Open Hugo-cell111 opened 1 month ago
Hi, thanks for your interest. We train the motion adapter using all frames of input videos. Meanwhile, we select a random frame serving as the appearance guidance.
Thanks for your response! I also have another few questions: (1) how long does it take for each stage in DreamVideo? I have tried in my own server and found that it takes about 2 hours for just the 1st stage in subject learning. Is it normal? I use 4 V100 PCIE GPUs; (2) Could you provide the link of open_clip_pytorch_model.bin of FrozenOpenCLIPCustomEmbedder?
Thanks for your response! I also have another few questions: (1) how long does it take for each stage in DreamVideo? I have tried in my own server and found that it takes about 2 hours for just the 1st stage in subject learning. Is it normal? I use 4 V100 PCIE GPUs; (2) Could you provide the link of open_clip_pytorch_model.bin of FrozenOpenCLIPCustomEmbedder?
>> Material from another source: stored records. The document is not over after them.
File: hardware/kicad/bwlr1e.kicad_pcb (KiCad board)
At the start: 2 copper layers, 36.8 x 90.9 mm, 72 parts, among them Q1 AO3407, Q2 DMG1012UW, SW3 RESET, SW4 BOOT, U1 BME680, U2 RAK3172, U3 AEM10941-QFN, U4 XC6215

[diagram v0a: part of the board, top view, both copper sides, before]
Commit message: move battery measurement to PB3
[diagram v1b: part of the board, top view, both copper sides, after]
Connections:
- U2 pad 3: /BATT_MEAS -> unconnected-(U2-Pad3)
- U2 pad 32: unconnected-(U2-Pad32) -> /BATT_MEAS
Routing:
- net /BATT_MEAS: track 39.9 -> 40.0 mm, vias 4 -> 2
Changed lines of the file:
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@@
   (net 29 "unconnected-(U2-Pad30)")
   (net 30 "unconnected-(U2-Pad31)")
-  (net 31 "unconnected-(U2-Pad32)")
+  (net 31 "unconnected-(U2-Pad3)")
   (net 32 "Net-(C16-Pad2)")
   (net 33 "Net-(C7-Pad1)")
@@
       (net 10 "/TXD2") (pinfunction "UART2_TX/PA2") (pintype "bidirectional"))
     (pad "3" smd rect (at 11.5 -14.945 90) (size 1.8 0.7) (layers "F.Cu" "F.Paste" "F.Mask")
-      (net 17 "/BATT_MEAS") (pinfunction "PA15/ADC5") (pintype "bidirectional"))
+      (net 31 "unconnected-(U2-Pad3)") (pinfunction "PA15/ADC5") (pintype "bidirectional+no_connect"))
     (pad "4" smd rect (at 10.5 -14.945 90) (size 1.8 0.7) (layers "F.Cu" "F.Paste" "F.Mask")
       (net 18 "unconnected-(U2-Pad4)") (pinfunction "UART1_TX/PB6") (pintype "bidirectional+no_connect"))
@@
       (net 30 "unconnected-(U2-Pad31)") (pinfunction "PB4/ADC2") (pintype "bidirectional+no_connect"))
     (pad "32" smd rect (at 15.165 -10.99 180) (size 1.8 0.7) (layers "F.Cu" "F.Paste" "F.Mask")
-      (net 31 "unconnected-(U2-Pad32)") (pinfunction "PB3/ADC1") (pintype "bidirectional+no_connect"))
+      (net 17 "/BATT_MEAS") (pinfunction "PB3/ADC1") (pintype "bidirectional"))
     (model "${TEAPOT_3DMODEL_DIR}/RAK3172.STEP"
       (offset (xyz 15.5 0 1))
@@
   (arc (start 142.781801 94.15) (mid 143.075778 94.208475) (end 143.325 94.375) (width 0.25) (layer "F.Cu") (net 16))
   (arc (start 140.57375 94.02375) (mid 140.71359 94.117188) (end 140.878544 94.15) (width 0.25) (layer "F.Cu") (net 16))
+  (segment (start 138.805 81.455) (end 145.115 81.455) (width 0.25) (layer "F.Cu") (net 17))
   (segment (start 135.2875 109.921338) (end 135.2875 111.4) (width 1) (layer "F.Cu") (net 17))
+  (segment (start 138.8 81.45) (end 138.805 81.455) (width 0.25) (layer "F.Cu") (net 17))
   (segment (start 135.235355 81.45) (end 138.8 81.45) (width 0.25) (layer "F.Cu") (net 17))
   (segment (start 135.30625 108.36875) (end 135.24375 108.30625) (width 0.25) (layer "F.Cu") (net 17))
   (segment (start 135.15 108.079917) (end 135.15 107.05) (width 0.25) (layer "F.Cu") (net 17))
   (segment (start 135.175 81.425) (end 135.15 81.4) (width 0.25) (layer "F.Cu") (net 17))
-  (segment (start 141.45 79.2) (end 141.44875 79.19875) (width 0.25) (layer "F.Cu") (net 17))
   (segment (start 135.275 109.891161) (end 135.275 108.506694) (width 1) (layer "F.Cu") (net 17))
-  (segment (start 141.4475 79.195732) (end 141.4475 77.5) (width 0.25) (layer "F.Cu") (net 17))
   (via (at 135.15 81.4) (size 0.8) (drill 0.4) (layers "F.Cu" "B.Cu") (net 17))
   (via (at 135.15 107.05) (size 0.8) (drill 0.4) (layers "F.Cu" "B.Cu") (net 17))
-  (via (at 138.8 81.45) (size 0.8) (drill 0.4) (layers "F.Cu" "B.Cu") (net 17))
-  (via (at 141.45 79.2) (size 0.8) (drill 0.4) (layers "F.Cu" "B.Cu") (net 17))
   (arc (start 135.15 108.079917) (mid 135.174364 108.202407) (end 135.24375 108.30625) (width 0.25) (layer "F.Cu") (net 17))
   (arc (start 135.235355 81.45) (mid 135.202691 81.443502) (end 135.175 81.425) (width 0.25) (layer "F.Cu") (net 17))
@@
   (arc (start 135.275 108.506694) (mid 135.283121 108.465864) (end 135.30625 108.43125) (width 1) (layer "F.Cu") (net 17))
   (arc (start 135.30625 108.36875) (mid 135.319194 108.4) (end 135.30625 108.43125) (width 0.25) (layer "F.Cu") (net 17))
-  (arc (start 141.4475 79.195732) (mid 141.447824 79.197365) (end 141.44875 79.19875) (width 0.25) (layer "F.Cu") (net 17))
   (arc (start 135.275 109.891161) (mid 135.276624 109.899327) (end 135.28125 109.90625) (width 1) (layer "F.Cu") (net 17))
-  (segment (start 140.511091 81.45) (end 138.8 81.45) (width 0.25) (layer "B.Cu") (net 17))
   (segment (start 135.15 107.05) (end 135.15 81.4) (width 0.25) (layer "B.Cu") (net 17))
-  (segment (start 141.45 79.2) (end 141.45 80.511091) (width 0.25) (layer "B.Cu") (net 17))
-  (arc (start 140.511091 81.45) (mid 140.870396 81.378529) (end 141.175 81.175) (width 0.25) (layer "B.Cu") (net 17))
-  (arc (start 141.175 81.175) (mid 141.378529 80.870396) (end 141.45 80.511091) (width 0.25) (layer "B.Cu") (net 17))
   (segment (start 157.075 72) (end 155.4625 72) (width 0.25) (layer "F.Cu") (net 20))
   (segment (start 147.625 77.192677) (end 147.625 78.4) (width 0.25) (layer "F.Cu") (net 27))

Hi. (1) We use one A100 80G GPU. It takes about 50 min for step 1 in subject learning and 10~15 min for step 2. I think your situation is normal due to device differences. By the way, you can reduce the number of training iterations to balance the performance and time costs. (2) The 'open_clip_pytorch_model.bin' used in DreamVideo is the same as the other models (I2VGen-XL, HiGen, TF-T2V, etc.) in this repository. You can download the ckpt from this link: https://modelscope.cn/api/v1/models/iic/tf-t2v/repo?Revision=master&FilePath=open_clip_pytorch_model.bin.
Thank you very much! By the way, how long does it take to evaluate on all datasets mentioned in the paper of DreamVideo? Could you provide the evaluation code?
Hi! I find that each time one frame of the guided video is selected to train the motion adapter. But since selecting only one image will break the coherence of a video, I wonder how the motion adapter can capture the temporal motion pattern? Thanks!